Thursday, May 17, 2012

All You Need To Know About Marijuana Cultivation


In Kentucky, a person can grow a marijuana plant without being guilty of marijuana cultivation.

Over the last month, I’ve gotten an inordinate amount of questions about growing marijuana.  I have no idea why that could be…people must just get a little more curious in the spring time and early summer.  Maybe fresh cut grass spawns the yearn for knowledge.  Maybe...

Let’s take 2 scenarios.

1) Humphrey Bogart plants three (3) marijuana clones in flower pots.  He tends to the plants, watches them mature, cuts, dries and smokes them.  His crop yielded about three (3) ounces of marijuana.  End of story.  Bogart is a selfish man.

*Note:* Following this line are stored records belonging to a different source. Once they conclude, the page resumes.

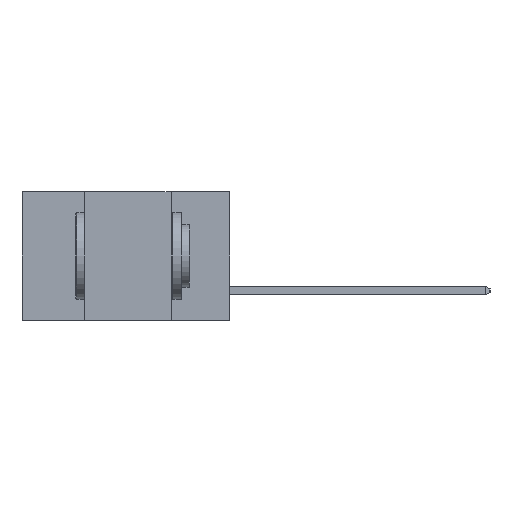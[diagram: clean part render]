
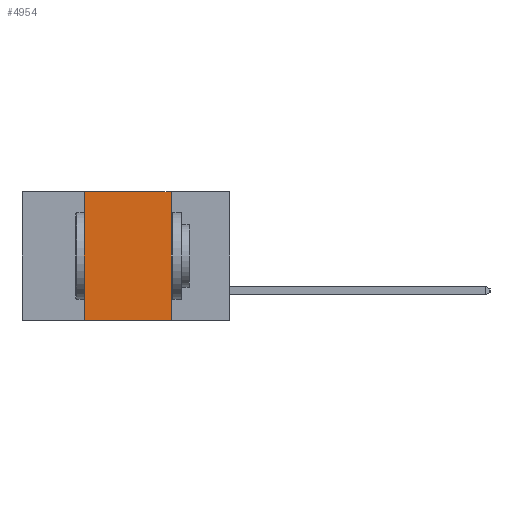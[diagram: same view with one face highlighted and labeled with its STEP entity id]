
A CAD part, left-side view. The second image highlights one B-rep face of the part: STEP entity #4954.
In plain terms, the highlighted planar face has unit normal (-1, 0, 0).
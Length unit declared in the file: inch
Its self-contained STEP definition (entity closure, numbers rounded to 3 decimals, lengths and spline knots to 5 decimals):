
#1108 = LINE ( 'NONE', #4610, #4669 ) ;
#2215 = LINE ( 'NONE', #11364, #16387 ) ;
#2260 = CARTESIAN_POINT ( 'NONE',  ( 0., 0.6, -0.37 ) ) ;
#2921 = CARTESIAN_POINT ( 'NONE',  ( 0., 0.42, 0. ) ) ;
#3185 = EDGE_CURVE ( 'NONE', #5543, #7840, #6414, .T. ) ;
#4086 = EDGE_CURVE ( 'NONE', #5543, #10843, #2215, .T. ) ;
#4257 = CARTESIAN_POINT ( 'NONE',  ( 0., 0.42, -0.37 ) ) ;
#4472 = DIRECTION ( 'NONE',  ( 0., 0., -1. ) ) ;
#4539 = ORIENTED_EDGE ( 'NONE', *, *, #4086, .F. ) ;
#4610 = CARTESIAN_POINT ( 'NONE',  ( 0., 0.6, 0. ) ) ;
#4669 = VECTOR ( 'NONE', #15276, 39.37008 ) ;
#4676 = PLANE ( 'NONE',  #4802 ) ;
#4802 = AXIS2_PLACEMENT_3D ( 'NONE', #4924, #5004, #4990 ) ;
#4924 = CARTESIAN_POINT ( 'NONE',  ( 0., 0.6, 0. ) ) ;
#4954 = ADVANCED_FACE ( 'NONE', ( #9652 ), #4676, .F. ) ;
#4990 = DIRECTION ( 'NONE',  ( 0., 0., -1. ) ) ;
#5001 = EDGE_CURVE ( 'NONE', #10489, #7840, #15945, .T. ) ;
#5004 = DIRECTION ( 'NONE',  ( 1., 0., 0. ) ) ;
#5256 = ORIENTED_EDGE ( 'NONE', *, *, #3185, .T. ) ;
#5543 = VERTEX_POINT ( 'NONE', #4257 ) ;
#5583 = CARTESIAN_POINT ( 'NONE',  ( 0., 0.17, 0. ) ) ;
#5687 = EDGE_CURVE ( 'NONE', #10843, #10489, #1108, .T. ) ;
#5788 = ORIENTED_EDGE ( 'NONE', *, *, #5001, .F. ) ;
#6007 = ORIENTED_EDGE ( 'NONE', *, *, #5687, .F. ) ;
#6414 = LINE ( 'NONE', #2260, #9906 ) ;
#7691 = CARTESIAN_POINT ( 'NONE',  ( 0., 0.17, -0.37 ) ) ;
#7840 = VERTEX_POINT ( 'NONE', #7691 ) ;
#8431 = VECTOR ( 'NONE', #4472, 39.37008 ) ;
#9652 = FACE_OUTER_BOUND ( 'NONE', #11550, .T. ) ;
#9906 = VECTOR ( 'NONE', #12472, 39.37008 ) ;
#10134 = CARTESIAN_POINT ( 'NONE',  ( 0., 0.17, 0. ) ) ;
#10489 = VERTEX_POINT ( 'NONE', #10134 ) ;
#10843 = VERTEX_POINT ( 'NONE', #2921 ) ;
#11364 = CARTESIAN_POINT ( 'NONE',  ( 0., 0.42, 0. ) ) ;
#11383 = DIRECTION ( 'NONE',  ( 0., 0., 1. ) ) ;
#11550 = EDGE_LOOP ( 'NONE', ( #5788, #6007, #4539, #5256 ) ) ;
#12472 = DIRECTION ( 'NONE',  ( 0., -1., 0. ) ) ;
#15276 = DIRECTION ( 'NONE',  ( 0., -1., 0. ) ) ;
#15945 = LINE ( 'NONE', #5583, #8431 ) ;
#16387 = VECTOR ( 'NONE', #11383, 39.37008 ) ;
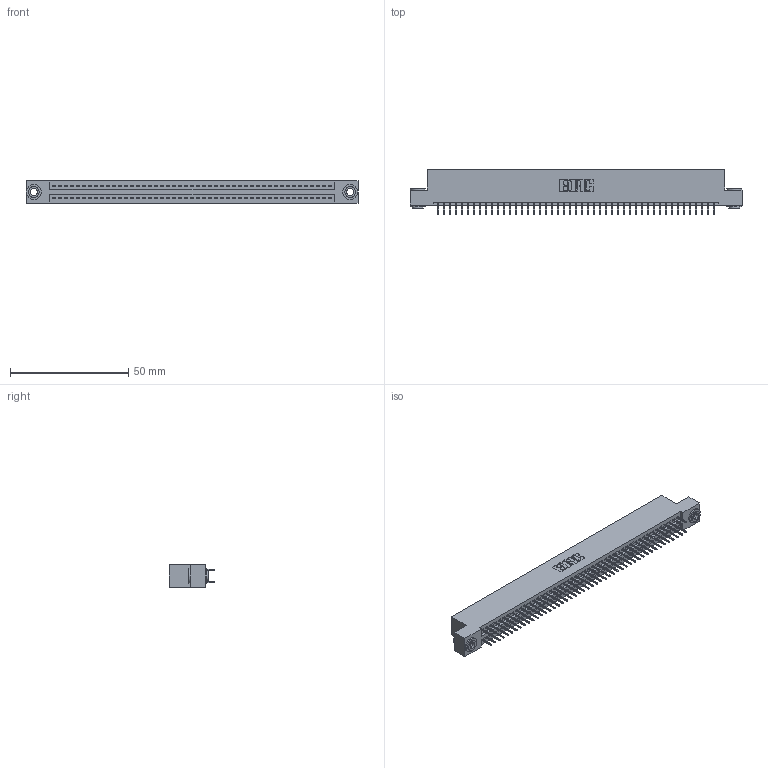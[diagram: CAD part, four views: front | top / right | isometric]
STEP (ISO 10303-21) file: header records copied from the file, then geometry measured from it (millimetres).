
FILE_DESCRIPTION (( 'STEP AP203' ), '1' );
FILE_NAME ('345-094-524-203.STEP', '2018-10-05T00:10:35', ( '' ), ( '' ), 'SwSTEP 2.0', 'SolidWorks 2016', '' );
FILE_SCHEMA (( 'CONFIG_CONTROL_DESIGN' ));
Length unit declared in the file: inch
Products named in the file (4): 345-094-524-203; 345-292-001_345-293-124; 345 Part_Flush Mounting Lugs - 0.156 Dia-TH; 345-250-002_345-250-002-102
Assembly tree (97 placements, depth 2):
  345-094-524-203
    345 Part_Flush Mounting Lugs - 0.156 Dia-TH
    345-292-001_345-293-124  x94
    345-250-002_345-250-002-102  x2
Bounding box: 140.59 x 19.35 x 9.4 mm (x, y, z)
Volume: 13580.5 mm3; surface area: 20000.5 mm2
Topology: 97 solids, 97 shells, 5240 faces, 14799 edges, 9486 vertices
Faces by surface type: plane 3756, cylinder 1476, cone 8
Entity records: 36928 total; most frequent: CARTESIAN_POINT 6159, ORIENTED_EDGE 6086, DIRECTION 5457, EDGE_CURVE 3043, LINE 2703, VECTOR 2703, VERTEX_POINT 2022, AXIS2_PLACEMENT_3D 1377

2) Sharon Stone is less selfish than Bogart.  She grows only one (1) marijuana plant.  After it matures, and she cures the plant, she invites a couple of friends over.  Sharon Stone shares the pot with her friends.  They smoke the plant together while watching old classic movies.  Stone’s crop yielded about one (1) ounce of pot.

Which of the two aforementioned scenarios describes a more serious crime?

Although Bogart grew more plants, his conduct is less culpable than Stone’s.  At this time I would like to refer to you KRS 218A.1423, which states:

 (1) A person is guilty of marijuana cultivation when he knowingly and unlawfully plants, cultivates, or harvests marijuana with the intent to sell or transfer it.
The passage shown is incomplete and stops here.